In the middle of these cogitations, apprehensions, and reflections,
it came into my thoughts one day that all this might be a mere
chimera of my own, and that this foot might be the print of my own
foot, when I came on shore from my boat: this cheered me up a
little, too, and I began to persuade myself it was all a delusion;
that it was nothing else but my own foot; and why might I not come
that way from the boat, as well as I was going that way to the
boat? Again, I considered also that I could by no means tell for
certain where I had trod, and where I had not; and that if, at
last, this was only the print of my own foot, I had played the part
of those fools who try to make stories of spectres and apparitions,
and then are frightened at them more than anybody.
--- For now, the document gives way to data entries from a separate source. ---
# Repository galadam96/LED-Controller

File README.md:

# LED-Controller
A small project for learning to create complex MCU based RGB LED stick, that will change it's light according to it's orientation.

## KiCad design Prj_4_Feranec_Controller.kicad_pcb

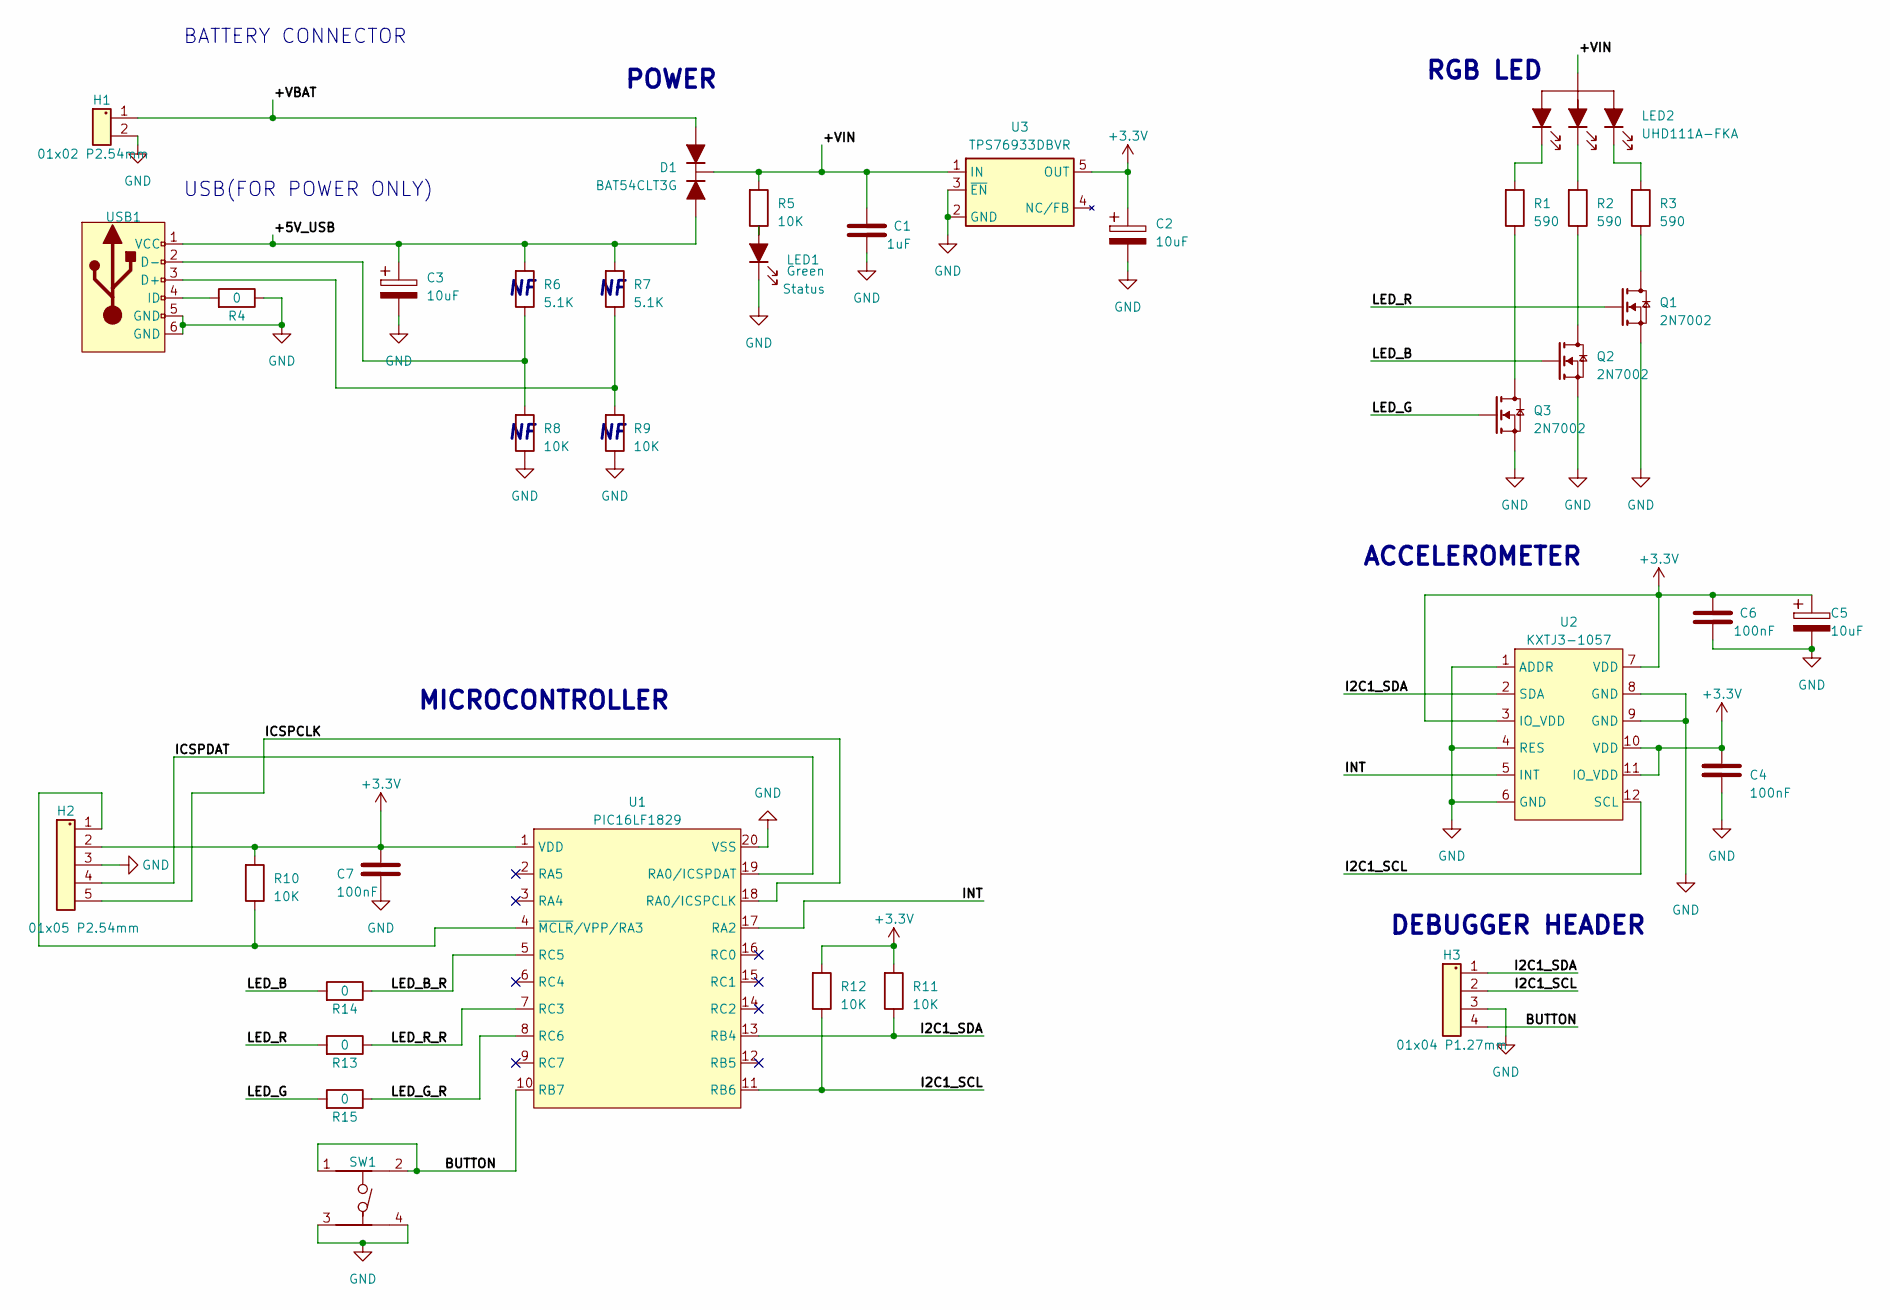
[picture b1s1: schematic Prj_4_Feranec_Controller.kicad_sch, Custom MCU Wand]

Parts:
C1: 1uF; C_0603
C2, C3, C5: 10uF; C_1206
C4, C6, C7: 100nF; C_0402
D1: BAT54CLT3G; D_SOT23_TO263
H1: 01x02 P2.54mm; Pin_Header_01x02_P2.54mm
H2: 01x05 P2.54mm; Pin_Header_01x05_P2.54mm
H3: 01x04 P1.27mm; Pin_Header_01x04_P1.27mm
LED1: Green; LED_0805_2012Metric
LED2: UHD111A-FKA; LED_RGB_404
Q1, Q2, Q3: 2N7002; D_SOT23_TO263
R1, R2, R3: 590; R_0402
R4, R13, R14, R15: 0; R_0402
R5, R8, R9, R10, R11, R12: 10K; R_0402
R6, R7: 5.1K; R_0402
SW1: SW_6x6
U1: PIC16LF1829; SSOP-20_5.3x7.2mm_P0.65mm
U2: KXTJ3-1057; LGA-12_2x2mm_P0.5mm
U3: TPS76933DBVR; SOT-23-5_HandSoldering
USB1: Custom_USB_Micro-B_Amphenol_10118194_Horizontal

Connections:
+3.3V: C2.1, C4.2, C5.1, C6.1, C7.2, H2.2, R10.1, R11.1, R12.1, U1.1 (VDD), U2.3 (IO_VDD), U2.7 (VDD), U2.10 (VDD), U2.11 (IO_VDD), U3.5 (OUT)
/+5V_USB: C3.1, D1.2, R6.1, R7.1, USB1.1 (VCC)
/+VBAT: D1.1, H1.1
/+VIN: C1.1, D1.3, LED2.4 (Anode), R5.1, U3.1 (IN)
/BUTTON: H3.4 (Pin_2), SW1.1, SW1.2, U1.10 (RB7)
/I2C1_SCL: H3.2, R12.2, U1.11 (RB6), U2.12 (SCL)
/I2C1_SDA: H3.1, R11.2, U1.13 (RB4), U2.2 (SDA)
/ICSPCLK: H2.5 (Pin_2), U1.18 (RA0/ICSPCLK)
/ICSPDAT: H2.4 (Pin_2), U1.19 (RA0/ICSPDAT)
/INT: U1.17 (RA2), U2.5 (INT)
/LED_B: Q2.1 (G), R14.1
/LED_B_R: R14.2, U1.5 (RC5)
/LED_G: Q3.1 (G), R15.1
/LED_G_R: R15.2, U1.8 (RC6)
/LED_R: Q1.1 (G), R13.1
/LED_R_R: R13.2, U1.7 (RC3)
GND: C1.2, C2.2, C3.2, C4.1, C5.2, C6.2, C7.1, H1.2, H2.3 (Pin_2), H3.3 (Pin_2), LED1.2, Q1.2 (S), Q2.2 (S), Q3.2 (S), R4.2, R8.2, R9.2, SW1.3, SW1.4, U1.20 (VSS), U2.1 (ADDR), U2.4 (RES), U2.6 (GND), U2.8 (GND), U2.9 (GND), U3.2 (GND), U3.3 (~EN), USB1.5 (GND), USB1.6 (GND)
unnamed: H2.1, R10.2, U1.4 (~MCLR/VPP/RA3)
unnamed: LED1.1, R5.2
unnamed: LED2.1 (B), R1.1
unnamed: LED2.2 (G), R2.1
unnamed: LED2.3 (R), R3.1
unnamed: Q1.3 (D), R3.2
unnamed: Q2.3 (D), R2.2
unnamed: Q3.3 (D), R1.2
unnamed: R7.2, R9.1, USB1.3 (D+)
unnamed: R6.2, R8.1, USB1.2 (D-)
unnamed: R4.1, USB1.4 (ID)

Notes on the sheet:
BATTERY CONNECTOR
ACCELEROMETER
RGB LED
USB(FOR POWER ONLY)
POWER
DEBUGGER HEADER
MICROCONTROLLER

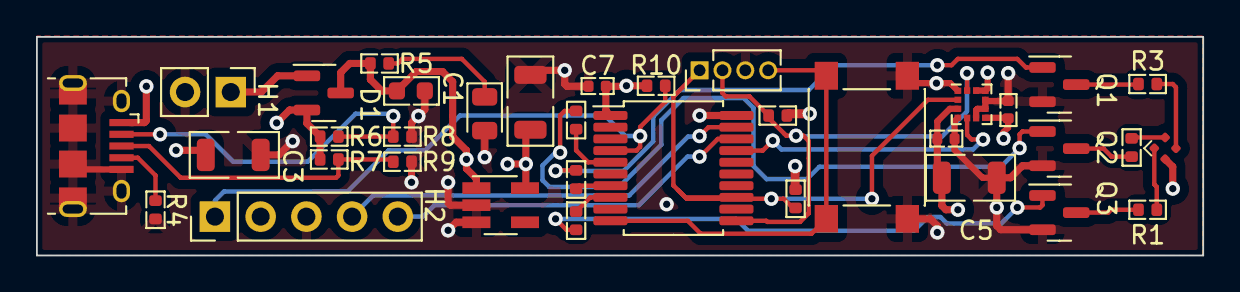
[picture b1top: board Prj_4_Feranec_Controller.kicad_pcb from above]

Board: 4 copper layers, 64.8 x 12.1 mm, 36 parts (0 on the bottom side), 28 nets.

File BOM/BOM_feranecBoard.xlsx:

| Component List |  |  |  | Bill of Material
 | Project: | Custom MCU Wand |  | Contact:
 |  |  |  | Adam Gal
 |  |  |  | galadam96@gmail.com
# | Category | Manufacturer | MPN | CasePackage | Description | Quantity | Designator | Footprint | Comment | Price HUF | Sum Price HUF | Price | Datasheet
1 | Optoelectronics | CreeLED, Inc. | UHD111A-FKA | 0404 | LED RGB 0404 SMD | 1 | LED2 |  | Min 580Ohm resistor | 14.82 | 14.82 |  | https://downloads.cree-led.com/files/ds/h/HB-UHD111A-FKA.pdf
2 | Resistors | YAGEO | RC0402FR-07590RL | 0402 | RES 590 OHM 1% 1/16W 0402 | 3 | R1,R2,R3 |  | Can be other manufacturer | 3.12 | 9.36 |  | https://www.yageo.com/upload/media/product/productsearch/dat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
3 | Accelerometers | Kionix Inc. | KXTJ3-1057 | LGA-12 | Accelerometer X, Y, Z Axis ±2g, 4g, 8g, 16g 800Hz 12-LGA (2x2) | 1 | U2 |  |  | 627.9 | 627.9 |  | https://kionixfs.azureedge.net/en/datasheet/KXTJ3-1057-Speci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
4 | Tactile Switches | C&K | PTS645SL43SMTR92 LFS | 6x6mm SMD | Tactile Switch SPST-NO Top Actuated Surface Mount | 1 | SW1 |  | Can be other manufacturer | 58.89 | 58.89 |  | https://www.ckswitches.com/media/1471/pts645.pdf
5 | Microcontrollers | Microchip Technology | PIC16LF1829-I/SS-ND | 20-SSOP | IC MCU 8BIT 14KB FLASH 20SSOP | 1 | U1 |  |  | 686.4 | 686.4 |  | https://ww1.microchip.com/downloads/aemDocuments/documents/O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
6 | Linear, Low Drop Out (LDO) Regulators | Texas Instruments | TPS76933DBVR | SOT-23-5 | IC REG LINEAR 3.3V 100MA SOT23-5 | 1 | U3 |  |  | 292.89 | 292.89 |  | https://www.ti.com/general/docs/suppproductinfo.tsp?distId=1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
7 | Capacitors | KYOCERA AVX | TAJA106K016RNJV | 1206 | CAP TANT 10UF 10% 16V 1206 | 3 | C2,C3,C5 |  | Can be other manufacturer | 63.96 | 191.88 |  | https://datasheets.kyocera-avx.com/TAJ.pdf
8 | Connectors | Adam Tech | PH1-02-UA | - | CONN HEADER VERT 2POS 2.54MM | 1 | H1 |  | Not populated | 177.84 | 177.84 |  | https://app.adam-tech.com/products/download/data_sheet/20160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
9 | Connectors | Amphenol ICC (FCI) | 10118194-0011LF | - | CONN RCPT USB2.0 MICRO B SMD R/A | 1 | USB1 |  |  | 0 | 0 |  | https://cdn.amphenol-cs.com/media/wysiwyg/files/drawing/1011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
10 | Resistors | Bourns Inc. | CR0402-FX-1002GLF | 0402 | RES SMD 10K OHM 1% 1/16W 0402 | 6 | R5,R8,R9,R10,R11,R12 |  | Can be other manufacturer | 2.73 | 16.38 |  | https://www.bourns.com/docs/product-datasheets/cr.pdf?sfvrsn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
11 | Resistors | Bourns Inc. | CR0402-JW-512GLF | 0402 | RES SMD 5.1K OHM 5% 1/16W 0402 | 2 | R6,R7 |  | Can be other manufacturer | 1.56 | 3.12 |  | https://www.bourns.com/docs/product-datasheets/cr.pdf?sfvrsn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
12 | Resistors | YAGEO | RC0402JR-070RL | 0402 | RES 0 OHM JUMPER 1/16W 0402 | 4 | R4,R13,R14,R15 |  | Can be other manufacturer | 2.73 | 10.92 |  | https://www.yageo.com/upload/media/product/productsearch/dat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
13 | Diodes | onsemi | BAT54CLT3G | SOT-23-3 (TO-236) | DIODE ARR SCHOTT 30V 200MA SOT23 | 1 | D1 |  |  | 40.950000000000003 | 40.950000000000003 |  | https://www.onsemi.com/pdf/datasheet/bat54clt1-d.pdf
14 | Optoelectronics | Wurth Elektronik | 150080VS75000 | 0805 | Standard LEDs - SMD WL-SMCW SMDMono TpVw Waterclr 0805 BrtGrn | 1 | LED1 |  | Can be other manufacturer | 67.86 | 67.86 |  | https://www.we-online.com/components/products/datasheet/1500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
15 | Transistors | Diotec Semiconductor | 2N7002 | SOT-23-3 (TO-236) | N-Channel 60 V 280mA (Ta) 350mW (Ta) Surface Mount SOT-23-3 (TO-236) | 3 | Q1,Q2,Q3 |  | Can be other manufacturer | 60.45 | 181.35000000000002 |  | https://diotec.com/request/datasheet/2n7002.pdf
16 | Capacitors | Samsung Electro-Mechanics | CL10A105KA8NNNC | 0603 | CAP CER 1UF 25V X5R 0603 | 1 | C1 |  | Can be other manufacturer | 5.85 | 5.85 |  | https://mm.digikey.com/Volume0/opasdata/d220001/medias/docus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
17 | Capacitors | Samsung Electro-Mechanics | CL05A104KA5NNNC | 0402 | CAP CER 0.1UF 25V X5R 0402 | 3 | C4,C6,C7 |  | Can be other manufacturer | 1.95 | 5.85 |  | https://mm.digikey.com/Volume0/opasdata/d220001/medias/docus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
18 | Connectors | Adam Tech | PH1-05-UA | - | Connector Header Through Hole 5 position 0.100" (2.54mm) | 1 | H2 |  | Not populated | 0 | 0 |  | https://app.adam-tech.com/products/download/data_sheet/20160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
19 | Connectors | Adam Tech | HPH1-A-04-UA | - | Connector Header Through Hole 4 position 0.050" (1.27mm) | 1 | H3 |  | Not populated | 0 | 0 |  | https://app.adam-tech.com/products/download/data_sheet/19995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
Notes: | Please do not populate the H1,H2,H3 Please fill in the price column K in this s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 |  |  |  |  |  |  |  | Total: | 2392.2599999999998 | HUF/PCS | Mouser w/o shipping
 |  |  |  |  |  |  |  |  | Price for 1pcs

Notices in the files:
Prj_4_Feranec_Controller.kicad_pcb:
v1.0 (C) 2023

Now I began to take courage, and to peep abroad again, for I had
not stirred out of my castle for three days and nights, so that I
began to starve for provisions; for I had little or nothing within
doors but some barley-cakes and water; then I knew that my goats
wanted to be milked too, which usually was my evening diversion:
and the poor creatures were in great pain and inconvenience for
want of it; and, indeed, it almost spoiled some of them, and almost
dried up their milk. Encouraging myself, therefore, with the
belief that this was nothing but the print of one of my own feet,
and that I might be truly said to start at my own shadow, I began
to go abroad again, and went to my country house to milk my flock:
but to see with what fear I went forward, how often I looked behind
me, how I was ready every now and then to lay down my basket and
run for my life, it would have made any one have thought I was
haunted with an evil conscience, or that I had been lately most
terribly frightened; and so, indeed, I had. However, I went down
thus two or three days, and having seen nothing, I began to be a
little bolder, and to think there was really nothing in it but my
own imagination; but I could not persuade myself fully of this till
I should go down to the shore again, and see this print of a foot,
and measure it by my own, and see if there was any similitude or
fitness, that I might be assured it was my own foot: but when I
came to the place, first, it appeared evidently to me, that when I
laid up my boat I could not possibly be on shore anywhere
thereabouts; secondly, when I came to measure the mark with my own
foot, I found my foot not so large by a great deal. Both these
things filled my head with new imaginations, and gave me the
vapours again to the highest degree, so that I shook with cold like
one in an ague; and I went home again, filled with the belief that
some man or men had been on shore there; or, in short, that the
island was inhabited, and I might be surprised before I was aware;
and what course to take for my security I knew not.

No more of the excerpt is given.